Though Correa’s reelection next February 17 looks easy, he will face increased tensions in his third term.  Government revenues remain dependent on oil and mining, which are susceptible to price fluctuations.  The expansion of extractive activities in areas inhabited by Correa’s indigenous base could strain his coalition – it has already stirred environmental concerns – and government spending has neglected the need to diversify the economy and reduce its reliance on the extractive industry.  In addition, Correa has benefited from the generosity of Venezuela, but that support could wane as President Hugo Chávez turns inward to deal with domestic challenges.  The opposition, which has continued to present half a dozen candidates for the presidency, will likely begin to unify if it feels threatened by a further concentration of power in the Executive.  To win reelection and govern effectively, Correa will need to maintain the unity of an uneasy coalition, without riding roughshod over the opposition and press freedom. 
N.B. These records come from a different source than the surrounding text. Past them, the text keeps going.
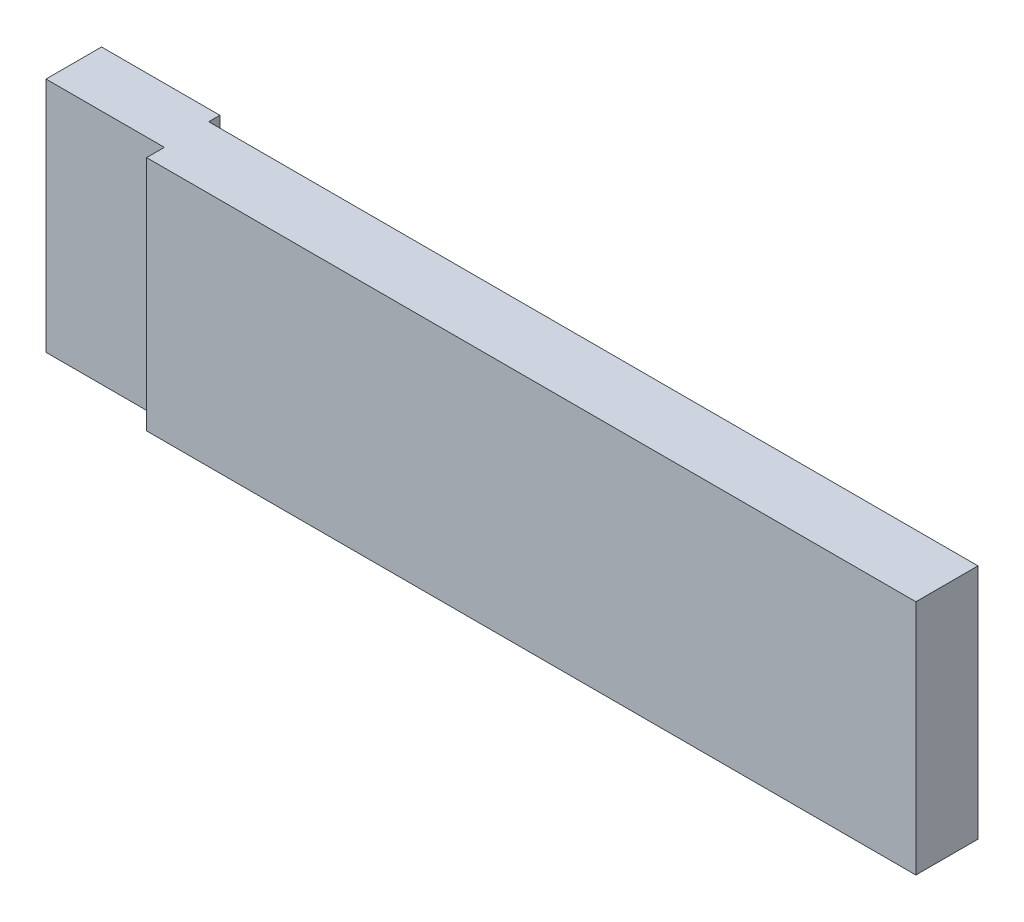
ISO-10303-21;
HEADER;
FILE_DESCRIPTION(('STEP AP214'),'2;1');
FILE_NAME('part.step','',(''),(''),'','','');
FILE_SCHEMA(('AUTOMOTIVE_DESIGN { 1 0 10303 214 1 1 1 1 }'));
ENDSEC;
DATA;
#1=APPLICATION_CONTEXT('core data for automotive mechanical design processes');
#2=APPLICATION_PROTOCOL_DEFINITION('international standard','automotive_design',2000,#1);
#3=PRODUCT_CONTEXT('',#1,'mechanical');
#4=PRODUCT('Part','Part','',(#3));
#5=PRODUCT_RELATED_PRODUCT_CATEGORY('part','',(#4));
#6=PRODUCT_DEFINITION_FORMATION('','',#4);
#7=PRODUCT_DEFINITION_CONTEXT('part definition',#1,'design');
#8=PRODUCT_DEFINITION('design','',#6,#7);
#9=PRODUCT_DEFINITION_SHAPE('','',#8);
#10=(LENGTH_UNIT() NAMED_UNIT(*) SI_UNIT(.MILLI.,.METRE.));
#11=(NAMED_UNIT(*) PLANE_ANGLE_UNIT() SI_UNIT($,.RADIAN.));
#12=(NAMED_UNIT(*) SI_UNIT($,.STERADIAN.) SOLID_ANGLE_UNIT());
#13=UNCERTAINTY_MEASURE_WITH_UNIT(LENGTH_MEASURE(1.E-05),#10,'distance_accuracy_value','');
#14=(GEOMETRIC_REPRESENTATION_CONTEXT(3) GLOBAL_UNCERTAINTY_ASSIGNED_CONTEXT((#13)) GLOBAL_UNIT_ASSIGNED_CONTEXT((#10,
#11,#12)) REPRESENTATION_CONTEXT('',''));
#15=CARTESIAN_POINT('',(0.,0.,0.));
#16=DIRECTION('',(0.,0.,1.));
#17=DIRECTION('',(1.,0.,0.));
#18=AXIS2_PLACEMENT_3D('',#15,#16,#17);
#19=CARTESIAN_POINT('',(7.50000000000001,2.,-1.5));
#20=DIRECTION('',(1.,0.,0.));
#21=DIRECTION('',(0.,1.,0.));
#22=AXIS2_PLACEMENT_3D('',#19,#20,#21);
#23=PLANE('',#22);
#24=DIRECTION('',(0.,1.,0.));
#25=VECTOR('',#24,1.);
#26=CARTESIAN_POINT('',(7.50000000000001,-2.,-0.75));
#27=LINE('',#26,#25);
#28=CARTESIAN_POINT('',(7.50000000000001,-2.,-0.75));
#29=VERTEX_POINT('',#28);
#30=CARTESIAN_POINT('',(7.50000000000001,2.,-0.75));
#31=VERTEX_POINT('',#30);
#32=EDGE_CURVE('E108',#29,#31,#27,.T.);
#33=ORIENTED_EDGE('',*,*,#32,.T.);
#34=DIRECTION('',(0.,0.,1.));
#35=VECTOR('',#34,1.);
#36=CARTESIAN_POINT('',(7.50000000000001,2.,-1.5));
#37=LINE('',#36,#35);
#38=CARTESIAN_POINT('',(7.50000000000001,2.,0.3));
#39=VERTEX_POINT('',#38);
#40=EDGE_CURVE('E39',#31,#39,#37,.T.);
#41=ORIENTED_EDGE('',*,*,#40,.T.);
#42=DIRECTION('',(0.,1.,0.));
#43=VECTOR('',#42,1.);
#44=CARTESIAN_POINT('',(7.50000000000001,2.,0.3));
#45=LINE('',#44,#43);
#46=CARTESIAN_POINT('',(7.50000000000001,-2.,0.3));
#47=VERTEX_POINT('',#46);
#48=EDGE_CURVE('E142',#47,#39,#45,.T.);
#49=ORIENTED_EDGE('',*,*,#48,.F.);
#50=DIRECTION('',(0.,0.,1.));
#51=VECTOR('',#50,1.);
#52=CARTESIAN_POINT('',(7.50000000000001,-2.,-1.5));
#53=LINE('',#52,#51);
#54=EDGE_CURVE('E11',#29,#47,#53,.T.);
#55=ORIENTED_EDGE('',*,*,#54,.F.);
#56=EDGE_LOOP('',(#33,#41,#49,#55));
#57=FACE_BOUND('',#56,.T.);
#58=ADVANCED_FACE('F36',(#57),#23,.T.);
#59=CARTESIAN_POINT('',(-7.49999999999999,-2.,-1.5));
#60=DIRECTION('',(0.,-1.,0.));
#61=DIRECTION('',(0.,0.,-1.));
#62=AXIS2_PLACEMENT_3D('',#59,#60,#61);
#63=PLANE('',#62);
#64=DIRECTION('',(1.,0.,0.));
#65=VECTOR('',#64,1.);
#66=CARTESIAN_POINT('',(-5.49999999999999,-2.,-0.938702511957461));
#67=LINE('',#66,#65);
#68=CARTESIAN_POINT('',(-7.49999999999999,-2.,-0.938702511957461));
#69=VERTEX_POINT('',#68);
#70=CARTESIAN_POINT('',(-5.49999999999999,-2.,-0.938702511957461));
#71=VERTEX_POINT('',#70);
#72=EDGE_CURVE('E109',#69,#71,#67,.T.);
#73=ORIENTED_EDGE('',*,*,#72,.T.);
#74=DIRECTION('',(0.,0.,1.));
#75=VECTOR('',#74,1.);
#76=CARTESIAN_POINT('',(-5.49999999999999,-2.,-0.75));
#77=LINE('',#76,#75);
#78=CARTESIAN_POINT('',(-5.49999999999999,-2.,-0.75));
#79=VERTEX_POINT('',#78);
#80=EDGE_CURVE('E104',#71,#79,#77,.T.);
#81=ORIENTED_EDGE('',*,*,#80,.T.);
#82=DIRECTION('',(1.,0.,0.));
#83=VECTOR('',#82,1.);
#84=CARTESIAN_POINT('',(7.50000000000001,-2.,-0.75));
#85=LINE('',#84,#83);
#86=EDGE_CURVE('E112',#79,#29,#85,.T.);
#87=ORIENTED_EDGE('',*,*,#86,.T.);
#88=ORIENTED_EDGE('',*,*,#54,.T.);
#89=DIRECTION('',(1.,0.,0.));
#90=VECTOR('',#89,1.);
#91=CARTESIAN_POINT('',(7.50000000000001,-2.,0.3));
#92=LINE('',#91,#90);
#93=CARTESIAN_POINT('',(-5.5,-2.,0.3));
#94=VERTEX_POINT('',#93);
#95=EDGE_CURVE('E139',#94,#47,#92,.T.);
#96=ORIENTED_EDGE('',*,*,#95,.F.);
#97=DIRECTION('',(0.,0.,-1.));
#98=VECTOR('',#97,1.);
#99=CARTESIAN_POINT('',(-5.5,-2.,0.3));
#100=LINE('',#99,#98);
#101=CARTESIAN_POINT('',(-5.5,-2.,0.));
#102=VERTEX_POINT('',#101);
#103=EDGE_CURVE('E145',#94,#102,#100,.T.);
#104=ORIENTED_EDGE('',*,*,#103,.T.);
#105=DIRECTION('',(1.,0.,0.));
#106=VECTOR('',#105,1.);
#107=CARTESIAN_POINT('',(-7.49999999999999,-2.,0.));
#108=LINE('',#107,#106);
#109=CARTESIAN_POINT('',(-7.49999999999999,-2.,0.));
#110=VERTEX_POINT('',#109);
#111=EDGE_CURVE('E157',#110,#102,#108,.T.);
#112=ORIENTED_EDGE('',*,*,#111,.F.);
#113=DIRECTION('',(0.,0.,1.));
#114=VECTOR('',#113,1.);
#115=CARTESIAN_POINT('',(-7.49999999999999,-2.,-1.5));
#116=LINE('',#115,#114);
#117=EDGE_CURVE('E44',#69,#110,#116,.T.);
#118=ORIENTED_EDGE('',*,*,#117,.F.);
#119=EDGE_LOOP('',(#73,#81,#87,#88,#96,#104,#112,#118));
#120=FACE_BOUND('',#119,.T.);
#121=ADVANCED_FACE('F118',(#120),#63,.T.);
#122=CARTESIAN_POINT('',(-7.49999999999999,2.,-1.5));
#123=DIRECTION('',(-1.,0.,0.));
#124=DIRECTION('',(0.,-1.,0.));
#125=AXIS2_PLACEMENT_3D('',#122,#123,#124);
#126=PLANE('',#125);
#127=DIRECTION('',(0.,-1.,0.));
#128=VECTOR('',#127,1.);
#129=CARTESIAN_POINT('',(-7.49999999999999,2.,0.));
#130=LINE('',#129,#128);
#131=CARTESIAN_POINT('',(-7.49999999999999,2.,0.));
#132=VERTEX_POINT('',#131);
#133=EDGE_CURVE('E154',#132,#110,#130,.T.);
#134=ORIENTED_EDGE('',*,*,#133,.F.);
#135=DIRECTION('',(0.,0.,1.));
#136=VECTOR('',#135,1.);
#137=CARTESIAN_POINT('',(-7.49999999999999,2.,-1.5));
#138=LINE('',#137,#136);
#139=CARTESIAN_POINT('',(-7.49999999999999,2.,-0.938702511957461));
#140=VERTEX_POINT('',#139);
#141=EDGE_CURVE('E159',#140,#132,#138,.T.);
#142=ORIENTED_EDGE('',*,*,#141,.F.);
#143=DIRECTION('',(0.,1.,0.));
#144=VECTOR('',#143,1.);
#145=CARTESIAN_POINT('',(-7.49999999999999,-2.,-0.938702511957461));
#146=LINE('',#145,#144);
#147=EDGE_CURVE('E131',#69,#140,#146,.T.);
#148=ORIENTED_EDGE('',*,*,#147,.F.);
#149=ORIENTED_EDGE('',*,*,#117,.T.);
#150=EDGE_LOOP('',(#134,#142,#148,#149));
#151=FACE_BOUND('',#150,.T.);
#152=ADVANCED_FACE('F179',(#151),#126,.T.);
#153=CARTESIAN_POINT('',(-7.49999999999999,2.,-1.5));
#154=DIRECTION('',(0.,1.,0.));
#155=DIRECTION('',(0.,0.,1.));
#156=AXIS2_PLACEMENT_3D('',#153,#154,#155);
#157=PLANE('',#156);
#158=DIRECTION('',(1.,0.,0.));
#159=VECTOR('',#158,1.);
#160=CARTESIAN_POINT('',(-5.49999999999999,2.,-0.938702511957461));
#161=LINE('',#160,#159);
#162=CARTESIAN_POINT('',(-5.49999999999999,2.,-0.938702511957461));
#163=VERTEX_POINT('',#162);
#164=EDGE_CURVE('E120',#140,#163,#161,.T.);
#165=ORIENTED_EDGE('',*,*,#164,.F.);
#166=ORIENTED_EDGE('',*,*,#141,.T.);
#167=DIRECTION('',(-1.,0.,0.));
#168=VECTOR('',#167,1.);
#169=CARTESIAN_POINT('',(-7.49999999999999,2.,0.));
#170=LINE('',#169,#168);
#171=CARTESIAN_POINT('',(-5.49999999999999,2.,0.));
#172=VERTEX_POINT('',#171);
#173=EDGE_CURVE('E152',#172,#132,#170,.T.);
#174=ORIENTED_EDGE('',*,*,#173,.F.);
#175=DIRECTION('',(0.,0.,-1.));
#176=VECTOR('',#175,1.);
#177=CARTESIAN_POINT('',(-5.49999999999999,2.,0.3));
#178=LINE('',#177,#176);
#179=CARTESIAN_POINT('',(-5.49999999999999,2.,0.3));
#180=VERTEX_POINT('',#179);
#181=EDGE_CURVE('E149',#180,#172,#178,.T.);
#182=ORIENTED_EDGE('',*,*,#181,.F.);
#183=DIRECTION('',(-1.,0.,0.));
#184=VECTOR('',#183,1.);
#185=CARTESIAN_POINT('',(7.50000000000001,2.,0.3));
#186=LINE('',#185,#184);
#187=EDGE_CURVE('E134',#39,#180,#186,.T.);
#188=ORIENTED_EDGE('',*,*,#187,.F.);
#189=ORIENTED_EDGE('',*,*,#40,.F.);
#190=DIRECTION('',(1.,0.,0.));
#191=VECTOR('',#190,1.);
#192=CARTESIAN_POINT('',(7.50000000000001,2.,-0.75));
#193=LINE('',#192,#191);
#194=CARTESIAN_POINT('',(-5.49999999999999,2.,-0.75));
#195=VERTEX_POINT('',#194);
#196=EDGE_CURVE('E123',#195,#31,#193,.T.);
#197=ORIENTED_EDGE('',*,*,#196,.F.);
#198=DIRECTION('',(0.,0.,1.));
#199=VECTOR('',#198,1.);
#200=CARTESIAN_POINT('',(-5.49999999999999,2.,-0.75));
#201=LINE('',#200,#199);
#202=EDGE_CURVE('E52',#163,#195,#201,.T.);
#203=ORIENTED_EDGE('',*,*,#202,.F.);
#204=EDGE_LOOP('',(#165,#166,#174,#182,#188,#189,#197,#203));
#205=FACE_BOUND('',#204,.T.);
#206=ADVANCED_FACE('F171',(#205),#157,.T.);
#207=CARTESIAN_POINT('',(0.,0.,0.));
#208=DIRECTION('',(0.,0.,1.));
#209=DIRECTION('',(1.,0.,0.));
#210=AXIS2_PLACEMENT_3D('',#207,#208,#209);
#211=PLANE('',#210);
#212=DIRECTION('',(0.,-1.,0.));
#213=VECTOR('',#212,1.);
#214=CARTESIAN_POINT('',(-5.49999999999999,2.,0.));
#215=LINE('',#214,#213);
#216=EDGE_CURVE('E60',#172,#102,#215,.T.);
#217=ORIENTED_EDGE('',*,*,#216,.F.);
#218=ORIENTED_EDGE('',*,*,#173,.T.);
#219=ORIENTED_EDGE('',*,*,#133,.T.);
#220=ORIENTED_EDGE('',*,*,#111,.T.);
#221=EDGE_LOOP('',(#217,#218,#219,#220));
#222=FACE_BOUND('',#221,.T.);
#223=ADVANCED_FACE('F176',(#222),#211,.T.);
#224=CARTESIAN_POINT('',(-5.49999999999999,2.,0.3));
#225=DIRECTION('',(1.,0.,0.));
#226=DIRECTION('',(0.,1.,0.));
#227=AXIS2_PLACEMENT_3D('',#224,#225,#226);
#228=PLANE('',#227);
#229=ORIENTED_EDGE('',*,*,#216,.T.);
#230=ORIENTED_EDGE('',*,*,#103,.F.);
#231=DIRECTION('',(0.,-1.,0.));
#232=VECTOR('',#231,1.);
#233=CARTESIAN_POINT('',(-5.49999999999999,2.,0.3));
#234=LINE('',#233,#232);
#235=EDGE_CURVE('E137',#180,#94,#234,.T.);
#236=ORIENTED_EDGE('',*,*,#235,.F.);
#237=ORIENTED_EDGE('',*,*,#181,.T.);
#238=EDGE_LOOP('',(#229,#230,#236,#237));
#239=FACE_BOUND('',#238,.T.);
#240=ADVANCED_FACE('F173',(#239),#228,.F.);
#241=CARTESIAN_POINT('',(0.,0.,0.3));
#242=DIRECTION('',(0.,0.,1.));
#243=DIRECTION('',(1.,0.,0.));
#244=AXIS2_PLACEMENT_3D('',#241,#242,#243);
#245=PLANE('',#244);
#246=ORIENTED_EDGE('',*,*,#187,.T.);
#247=ORIENTED_EDGE('',*,*,#235,.T.);
#248=ORIENTED_EDGE('',*,*,#95,.T.);
#249=ORIENTED_EDGE('',*,*,#48,.T.);
#250=EDGE_LOOP('',(#246,#247,#248,#249));
#251=FACE_BOUND('',#250,.T.);
#252=ADVANCED_FACE('F168',(#251),#245,.T.);
#253=CARTESIAN_POINT('',(-5.49999999999999,-2.,-0.75));
#254=DIRECTION('',(-1.,0.,0.));
#255=DIRECTION('',(0.,0.,1.));
#256=AXIS2_PLACEMENT_3D('',#253,#254,#255);
#257=PLANE('',#256);
#258=ORIENTED_EDGE('',*,*,#202,.T.);
#259=DIRECTION('',(0.,1.,0.));
#260=VECTOR('',#259,1.);
#261=CARTESIAN_POINT('',(-5.49999999999999,-2.,-0.75));
#262=LINE('',#261,#260);
#263=EDGE_CURVE('E100',#79,#195,#262,.T.);
#264=ORIENTED_EDGE('',*,*,#263,.F.);
#265=ORIENTED_EDGE('',*,*,#80,.F.);
#266=DIRECTION('',(0.,1.,0.));
#267=VECTOR('',#266,1.);
#268=CARTESIAN_POINT('',(-5.49999999999999,-2.,-0.938702511957461));
#269=LINE('',#268,#267);
#270=EDGE_CURVE('E129',#71,#163,#269,.T.);
#271=ORIENTED_EDGE('',*,*,#270,.T.);
#272=EDGE_LOOP('',(#258,#264,#265,#271));
#273=FACE_BOUND('',#272,.T.);
#274=ADVANCED_FACE('F102',(#273),#257,.F.);
#275=CARTESIAN_POINT('',(-5.49999999999999,-2.,-0.938702511957461));
#276=DIRECTION('',(0.,0.,1.));
#277=DIRECTION('',(1.,0.,0.));
#278=AXIS2_PLACEMENT_3D('',#275,#276,#277);
#279=PLANE('',#278);
#280=ORIENTED_EDGE('',*,*,#164,.T.);
#281=ORIENTED_EDGE('',*,*,#270,.F.);
#282=ORIENTED_EDGE('',*,*,#72,.F.);
#283=ORIENTED_EDGE('',*,*,#147,.T.);
#284=EDGE_LOOP('',(#280,#281,#282,#283));
#285=FACE_BOUND('',#284,.T.);
#286=ADVANCED_FACE('F182',(#285),#279,.F.);
#287=CARTESIAN_POINT('',(7.50000000000001,-2.,-0.75));
#288=DIRECTION('',(0.,0.,1.));
#289=DIRECTION('',(1.,0.,0.));
#290=AXIS2_PLACEMENT_3D('',#287,#288,#289);
#291=PLANE('',#290);
#292=ORIENTED_EDGE('',*,*,#196,.T.);
#293=ORIENTED_EDGE('',*,*,#32,.F.);
#294=ORIENTED_EDGE('',*,*,#86,.F.);
#295=ORIENTED_EDGE('',*,*,#263,.T.);
#296=EDGE_LOOP('',(#292,#293,#294,#295));
#297=FACE_BOUND('',#296,.T.);
#298=ADVANCED_FACE('F113',(#297),#291,.F.);
#299=CLOSED_SHELL('',(#58,#121,#152,#206,#223,#240,#252,#274,#286,#298));
#300=MANIFOLD_SOLID_BREP('B2',#299);
#301=ADVANCED_BREP_SHAPE_REPRESENTATION('',(#18,#300),#14);
#302=SHAPE_DEFINITION_REPRESENTATION(#9,#301);
ENDSEC;
END-ISO-10303-21;

Ecuador’s Difficult Choice on Assange

Photo: Julian Assange by Ben Bryan (bbwbryant) | Flickr | Creative Commons

Many observers have portrayed President Rafael Correa’s decision to grant asylum to Wikileaks founder Julian Assange as an act of defiance – a gratuitous slap at the United States – and, because of Correa’s mixed record of respect for a free press, as a sign of hypocrisy.  How can a President who has prosecuted newspapers for revealing damaging information about his government, according to Correa’s accusers, now stand up as the defender of Assange’s right to publish hundreds of thousands of sensitive U.S. Government documents?

The lack of clarity on British and Swedish intentions made the decision difficult.  American officials have minced no words about their hopes to prosecute Assange, although none has stated what the charges would be.  Even U.S. Vice President Joe Biden has referred to him as a “high-tech terrorist.”  Former Republican presidential nominees Sarah Palin and Mike Huckabee have called for his execution.  (A former senior Canadian official said, “I think Assange should be assassinated.”)  The Swedish government, which seeks only to question Assange about allegations of sexual abuses (important offenses in Swedish law), has refused to conduct the interrogations in London or by video, or  to provide reassurances that he will not be extradited to the United States.  British officials at one point even threatened to enter the Ecuadoran Embassy in London, a flagrant violation of well-established principles of international law.

Correa’s ancillary agendas notwithstanding, the asylum decision would have been difficult for almost any country.  There is no evidence that Assange would not get a fair trial in the United States or that he would face the sort of abuse and torture that Bradley Manning – the alleged American source of the Wikileaks documents – has faced.  But the American silence on the charges Assange might face, the rhetoric tarring him as a terrorist and the lack of U.S. accountability for past abuses – the Obama Administration last week announced yet another decision to forego prosecution of U.S. officials involved in alleged torture – makes the absence of a pledge regarding extradition to the United States politically sensitive.  Ironically, the U.S., British and Swedish position risks thrusting them into the same ironic contradiction as Correa finds himself:  claiming to protect human rights, they may open the door to prosecution of a man who published leaked information – and who by any reasonable standard is an indiscriminate whistle blower but hardly an agent of espionage.  If their pursuit of Assange were to result in his exposure to U.S. prosecution related to the Wikileaks matter, these democracies would potentially risk being parties to a serious violation of fundamental principles of free expression.